So, Gender Reveal Parties are Proving to be More Problematic than Celebratory—Here’s Why

Stage & Performing Arts

Fact. We all know that it is easy to get overly thrilled and excited when you’re a soon-to-be-parent. Every waking moment seems like an excellent reason to celebrate. It’s expected, especially during a toddler’s one-year-old milestone going through a lot of firsts. But this reveal party trend happens before they’re out in the world of conformity.

Many expectant parents gather friends and family, sharing the thrill of announcing whether it’s a baby boy or a baby girl. Not only are the announcements getting outlandish, but critics and studies say that this gender construct reinforces stereotypes to this over-celebration of life to an unborn child.

Jenna Karvunidis, the woman who popularized gender-reveal parties, a decade later, ironically expressed deep regret that the themed-event she “invented” has unfolded into something that limits a child’s self-discovery.

“Assigning focus on gender at birth leaves out so much of their potential and talents that have nothing to do with what’s between their legs.” Karvunidis posted on her Facebook account, denouncing the concept after her 10-year-old came out as nonbinary.

Forward to 2020, and the trend didn’t seem to fade and has continued to grow and gain popularity, especially in the competitive space that is the internet. The influx of people throwing over-the-top gender-reveals, in an attempt to raise the ante, has resulted in numerous incident reports of wildfires and at least one person killed—a deadly stunt.

What started as balloons, confetti, and cutting into a cake filled with colored-icing took an odd turn to fire hazard contraptions and homemade pipe bombs packed with explosives for colored smoke—taking a dark shift from pink or blue to the smoke-filled sky in orange.
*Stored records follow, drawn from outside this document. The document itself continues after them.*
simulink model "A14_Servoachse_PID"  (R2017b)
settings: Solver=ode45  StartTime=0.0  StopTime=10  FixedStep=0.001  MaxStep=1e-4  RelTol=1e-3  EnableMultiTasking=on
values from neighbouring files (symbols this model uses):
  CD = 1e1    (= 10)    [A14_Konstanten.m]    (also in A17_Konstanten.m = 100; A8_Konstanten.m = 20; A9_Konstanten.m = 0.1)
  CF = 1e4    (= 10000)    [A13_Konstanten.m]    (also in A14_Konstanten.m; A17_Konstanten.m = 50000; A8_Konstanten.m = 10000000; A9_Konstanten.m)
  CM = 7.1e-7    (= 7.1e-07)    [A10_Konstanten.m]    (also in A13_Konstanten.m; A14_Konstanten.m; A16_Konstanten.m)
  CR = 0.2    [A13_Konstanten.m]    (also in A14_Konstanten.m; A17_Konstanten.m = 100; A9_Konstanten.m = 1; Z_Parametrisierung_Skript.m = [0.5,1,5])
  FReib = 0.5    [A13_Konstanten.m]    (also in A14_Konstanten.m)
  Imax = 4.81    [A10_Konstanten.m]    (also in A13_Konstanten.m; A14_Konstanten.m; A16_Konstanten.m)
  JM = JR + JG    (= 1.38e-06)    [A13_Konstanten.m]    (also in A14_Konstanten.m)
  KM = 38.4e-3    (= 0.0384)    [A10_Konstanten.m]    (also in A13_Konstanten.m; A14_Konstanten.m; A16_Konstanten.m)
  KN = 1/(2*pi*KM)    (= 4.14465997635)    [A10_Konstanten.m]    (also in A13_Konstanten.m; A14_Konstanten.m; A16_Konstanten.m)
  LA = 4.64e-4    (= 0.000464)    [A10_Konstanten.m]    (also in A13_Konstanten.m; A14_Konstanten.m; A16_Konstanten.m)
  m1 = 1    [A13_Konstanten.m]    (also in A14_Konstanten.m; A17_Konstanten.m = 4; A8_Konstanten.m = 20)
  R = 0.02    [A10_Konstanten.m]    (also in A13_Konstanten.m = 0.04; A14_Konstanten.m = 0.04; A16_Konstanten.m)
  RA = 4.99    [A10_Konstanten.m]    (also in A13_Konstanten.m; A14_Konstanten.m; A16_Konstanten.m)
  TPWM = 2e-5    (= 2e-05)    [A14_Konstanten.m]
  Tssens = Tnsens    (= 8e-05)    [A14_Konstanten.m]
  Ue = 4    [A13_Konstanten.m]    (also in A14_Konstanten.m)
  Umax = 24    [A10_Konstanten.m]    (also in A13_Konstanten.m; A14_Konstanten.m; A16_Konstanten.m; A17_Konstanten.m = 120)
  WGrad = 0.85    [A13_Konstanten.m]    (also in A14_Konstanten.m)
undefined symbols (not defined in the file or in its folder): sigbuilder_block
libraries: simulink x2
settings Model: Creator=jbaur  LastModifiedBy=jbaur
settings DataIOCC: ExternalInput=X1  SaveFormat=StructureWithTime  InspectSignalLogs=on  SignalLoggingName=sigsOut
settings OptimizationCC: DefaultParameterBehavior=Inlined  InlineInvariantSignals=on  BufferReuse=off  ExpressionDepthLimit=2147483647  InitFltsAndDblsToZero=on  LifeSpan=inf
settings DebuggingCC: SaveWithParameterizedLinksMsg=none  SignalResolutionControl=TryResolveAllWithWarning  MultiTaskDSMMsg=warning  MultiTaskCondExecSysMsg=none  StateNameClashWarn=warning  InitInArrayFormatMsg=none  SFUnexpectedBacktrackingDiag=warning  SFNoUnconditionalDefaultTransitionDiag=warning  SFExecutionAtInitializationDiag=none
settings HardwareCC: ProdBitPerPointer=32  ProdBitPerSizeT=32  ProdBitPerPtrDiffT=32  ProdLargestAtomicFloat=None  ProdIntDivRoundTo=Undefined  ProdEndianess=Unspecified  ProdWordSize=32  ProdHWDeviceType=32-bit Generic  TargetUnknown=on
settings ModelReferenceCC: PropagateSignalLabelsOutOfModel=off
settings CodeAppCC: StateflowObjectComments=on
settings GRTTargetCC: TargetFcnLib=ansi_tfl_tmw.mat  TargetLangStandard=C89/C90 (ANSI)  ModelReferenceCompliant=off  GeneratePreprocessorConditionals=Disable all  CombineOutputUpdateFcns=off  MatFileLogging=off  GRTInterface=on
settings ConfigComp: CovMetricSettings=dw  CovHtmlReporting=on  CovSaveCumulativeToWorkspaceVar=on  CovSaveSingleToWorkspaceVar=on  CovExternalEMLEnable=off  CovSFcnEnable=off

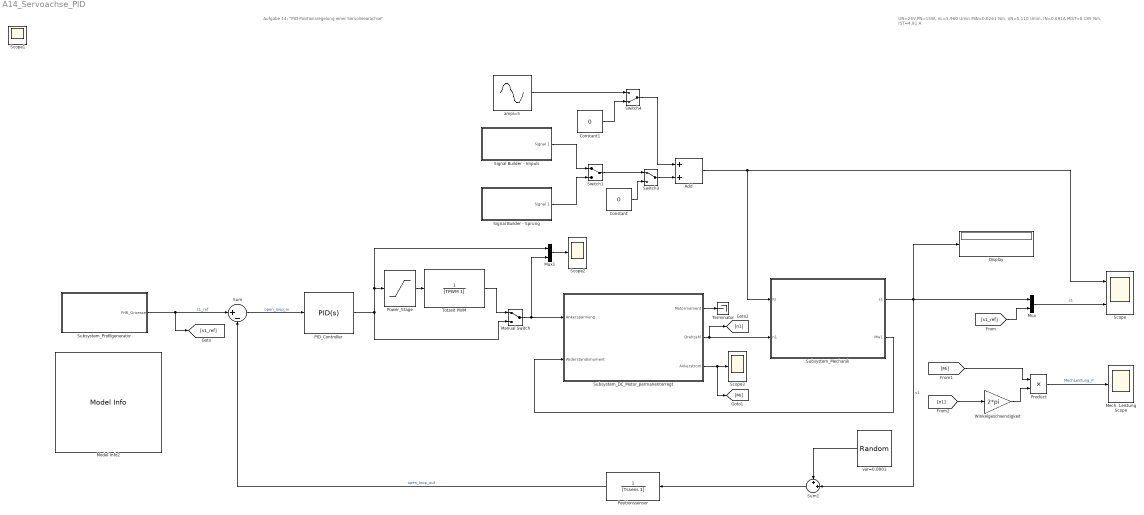
== system A14_Servoachse_PID ==
  note: Aufgabe 14: "PID-Positionsregelung einer Servolinearachse"
  note: UN=24V,PN=15W, nL=5.960 Umin
      | MiN=0.0261 Nm, nN=5.110 Umin, IN=0.691A
      | MiST=0.185 Nm, IST=4.81 A
  Add : Sum
  Constant : Constant  Value=0
  Constant1 : Constant  Value=0
  Display : Display
  Manual Switch : ManualSwitch
  Mech. Leistung Scope : Scope
  Model Info2 : simulink/Model-Wide Utilities/Model Info  Frame=on  DisplayStringWithTags=|  HorizontalTextAlignment=Left  LeftAlignmentValue=0.02
      | Bewegungsprofil:
      | ------------------------
      | Tmax = 1s
      | smax = 0,5m
      | vmax = 1 m/s
      | amax = 2 m/s^2
  Mux : Mux  Inputs=2
  Mux1 : Mux  Inputs=2
  PID_Controller : simulink/Continuous/PID Controller  Controller=PID  TimeDomain=Continuous-time  SampleTime=-1  IntegratorMethod=Forward Euler  FilterMethod=Forward Euler  Form=Ideal  UseFilter=on  ControllerParametersSource=internal  P=10  I=1  D=0  N=1000  InitialConditionSource=internal  InitialConditionForIntegrator=0  InitialConditionForFilter=0  ExternalReset=none  LimitOutput=off  UpperSaturationLimit=Umax  LowerSaturationLimit=-Umax  LinearizeAsGain=off  AntiWindupMode=clamping  Kb=1  TrackingMode=off  Kt=1  PParamMin=[]  PParamMax=[]  IParamMin=[]  IParamMax=[]  DParamMin=[]  DParamMax=[]  NParamMin=[]  NParamMax=[]  KbParamMin=[]  KbParamMax=[]  KtParamMin=[]  KtParamMax=[]  POutMin=[]  POutMax=[]  IOutMin=[]  IOutMax=[]  DOutMin=[]  DOutMax=[]  NOutMin=[]  NOutMax=[]  KbOutMin=[]  KbOutMax=[]  KtOutMin=[]  KtOutMax=[]  IntegratorOutMin=[]  IntegratorOutMax=[]  FilterOutMin=[]  FilterOutMax=[]  SumOutMin=[]  SumOutMax=[]  SumI1OutMin=[]  SumI1OutMax=[]  SumI2OutMin=[]  SumI2OutMax=[]  SumI3OutMin=[]  SumI3OutMax=[]  SumDOutMin=[]  SumDOutMax=[]  SaturationOutMin=[]  SaturationOutMax=[]  IntegratorContinuousStateAttributes=''  IntegratorStateMustResolveToSignalObject=off  IntegratorRTWStateStorageClass=Auto  FilterContinuousStateAttributes=''  FilterStateMustResolveToSignalObject=off  FilterRTWStateStorageClass=Auto  DifferentiatorICPrevScaledInput=0  DifferentiatorOutMin=[]  DifferentiatorOutMax=[]  InitialConditionSetting=State (most efficient)  FilterDiffOutCoefMin=[]  FilterDiffOutCoefMax=[]  SumDenOutMin=[]  SumDenOutMax=[]  SumNumOutMin=[]  SumNumOutMax=[]  ReciprocalOutMin=[]  ReciprocalOutMax=[]  DivideOutMin=[]  DivideOutMax=[]  TunerSelectOption=Transfer Function Based (PID Tuner App)
  Positionssensor : TransferFcn  Denominator=[Tssens 1]
  Power_Stage : Saturate  UpperLimit=Umax  LowerLimit=-Umax
  Product : Product  RndMeth=Zero
  Scope : Scope  NumInputPorts=2
  Scope2 : Scope
  Scope3 : Scope
  Signal Builder - Impuls : Subsystem  Tag=STV Subsys  LoadFcn=sigbuilder_block('load');  StartFcn=sigbuilder_block('start');  StopFcn=sigbuilder_block('stop');  ClipboardFcn=sigbuilder_block('clipboard');  mask(Sigbuilder block){tuvar=[0:10]}
      mask help: Simulink:masks:SigbuilderBlock_MD
      mask init:
      | if ~strcmp(get_param(bdroot(gcbh),'SimulationStatus'),'stopped') tuvar = sigbuilder_block('maskInit'); end
      settings: CopyFcn=sigbuilder_block('copy');  DeleteFcn=sigbuilder_block('delete');  ModelCloseFcn=sigbuilder_block('modelClose');  PreSaveFcn=sigbuilder_block('preSave');  PauseFcn=sigbuilder_block('pause');  ContinueFcn=sigbuilder_block('continue');  NameChangeFcn=sigbuilder_block('namechange');  OpenFcn=sigbuilder_block('open',[431.25 106.5 550.5 399.75 ]);  CloseFcn=sigbuilder_block('close');
      mask Display: plot(0, 0, 100, 100,[2, 2, 32, 32, 2], [68, 8, 8, 68, 68],[32, 2], [38, 38], [32, 19, 2],[53, 60, 44], [32, 17, 17, 2],[16, 16, 31, 31]);txt = getActiveGroup(gcbh);text(2, 100, txt,'verticalAlignment', 'top');
  Signal Builder - Sprung : Subsystem  Tag=STV Subsys  LoadFcn=sigbuilder_block('load');  StartFcn=sigbuilder_block('start');  StopFcn=sigbuilder_block('stop');  ClipboardFcn=sigbuilder_block('clipboard');  mask(Sigbuilder block){tuvar=[0:10]}
      mask help: Simulink:masks:SigbuilderBlock_MD
      mask init:
      | if ~strcmp(get_param(bdroot(gcbh),'SimulationStatus'),'stopped') tuvar = sigbuilder_block('maskInit'); end
      settings: CopyFcn=sigbuilder_block('copy');  DeleteFcn=sigbuilder_block('delete');  ModelCloseFcn=sigbuilder_block('modelClose');  PreSaveFcn=sigbuilder_block('preSave');  PauseFcn=sigbuilder_block('pause');  ContinueFcn=sigbuilder_block('continue');  NameChangeFcn=sigbuilder_block('namechange');  OpenFcn=sigbuilder_block('open',[1699.5 180.75 550.5 399.75 ]);  CloseFcn=sigbuilder_block('close');
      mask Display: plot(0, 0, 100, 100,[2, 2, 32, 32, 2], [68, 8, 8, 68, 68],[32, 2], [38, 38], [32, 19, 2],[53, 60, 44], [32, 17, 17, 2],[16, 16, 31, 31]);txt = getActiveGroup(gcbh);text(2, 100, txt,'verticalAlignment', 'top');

More and more, they are turning this colorful celebration at the cost of their safety.

To condemn these over-the-top displays, as more gender reveal parties have led to property damages, Karvunidis pleaded on her page, “Stop it. Stop having these stupid parties… For the love of God, stop burning things down to tell everyone about your kid’s penis. No one cares but you,” she wrote.

Dangers aside, there’s more of this that makes it problematic. Let’s start with the name. Let it be known that sex is not gender. While sex can be determined biologically, you cannot presume how your unborn child will identify oneself.

Carly Gieseler, in his gender study, breaks it down: “It allows adults to recuperate what they have learned from their gendered constructions, re-inscribing expectations and assumptions onto the unwritten body of the unborn and propelling these ideals into the digital, social, public world.”

However, calling it a “sex reveal party” just doesn’t sound appropriate nor does “genitals party”. But is it essential to enforce gender roles onto children even before they start to breathe?

True, we now live in a world where we should just allow people to have fun. And while these parties are well-intentioned, we have to be careful about some underlying factors that could hurt not only the people and things around you but your child’s mental health in the future as well. Would you want your child carrying the idea that the person their parents celebrated isn’t the same person they initially wanted? Let kids be kids and allow them the freedom to come to terms with whatever they might identify as.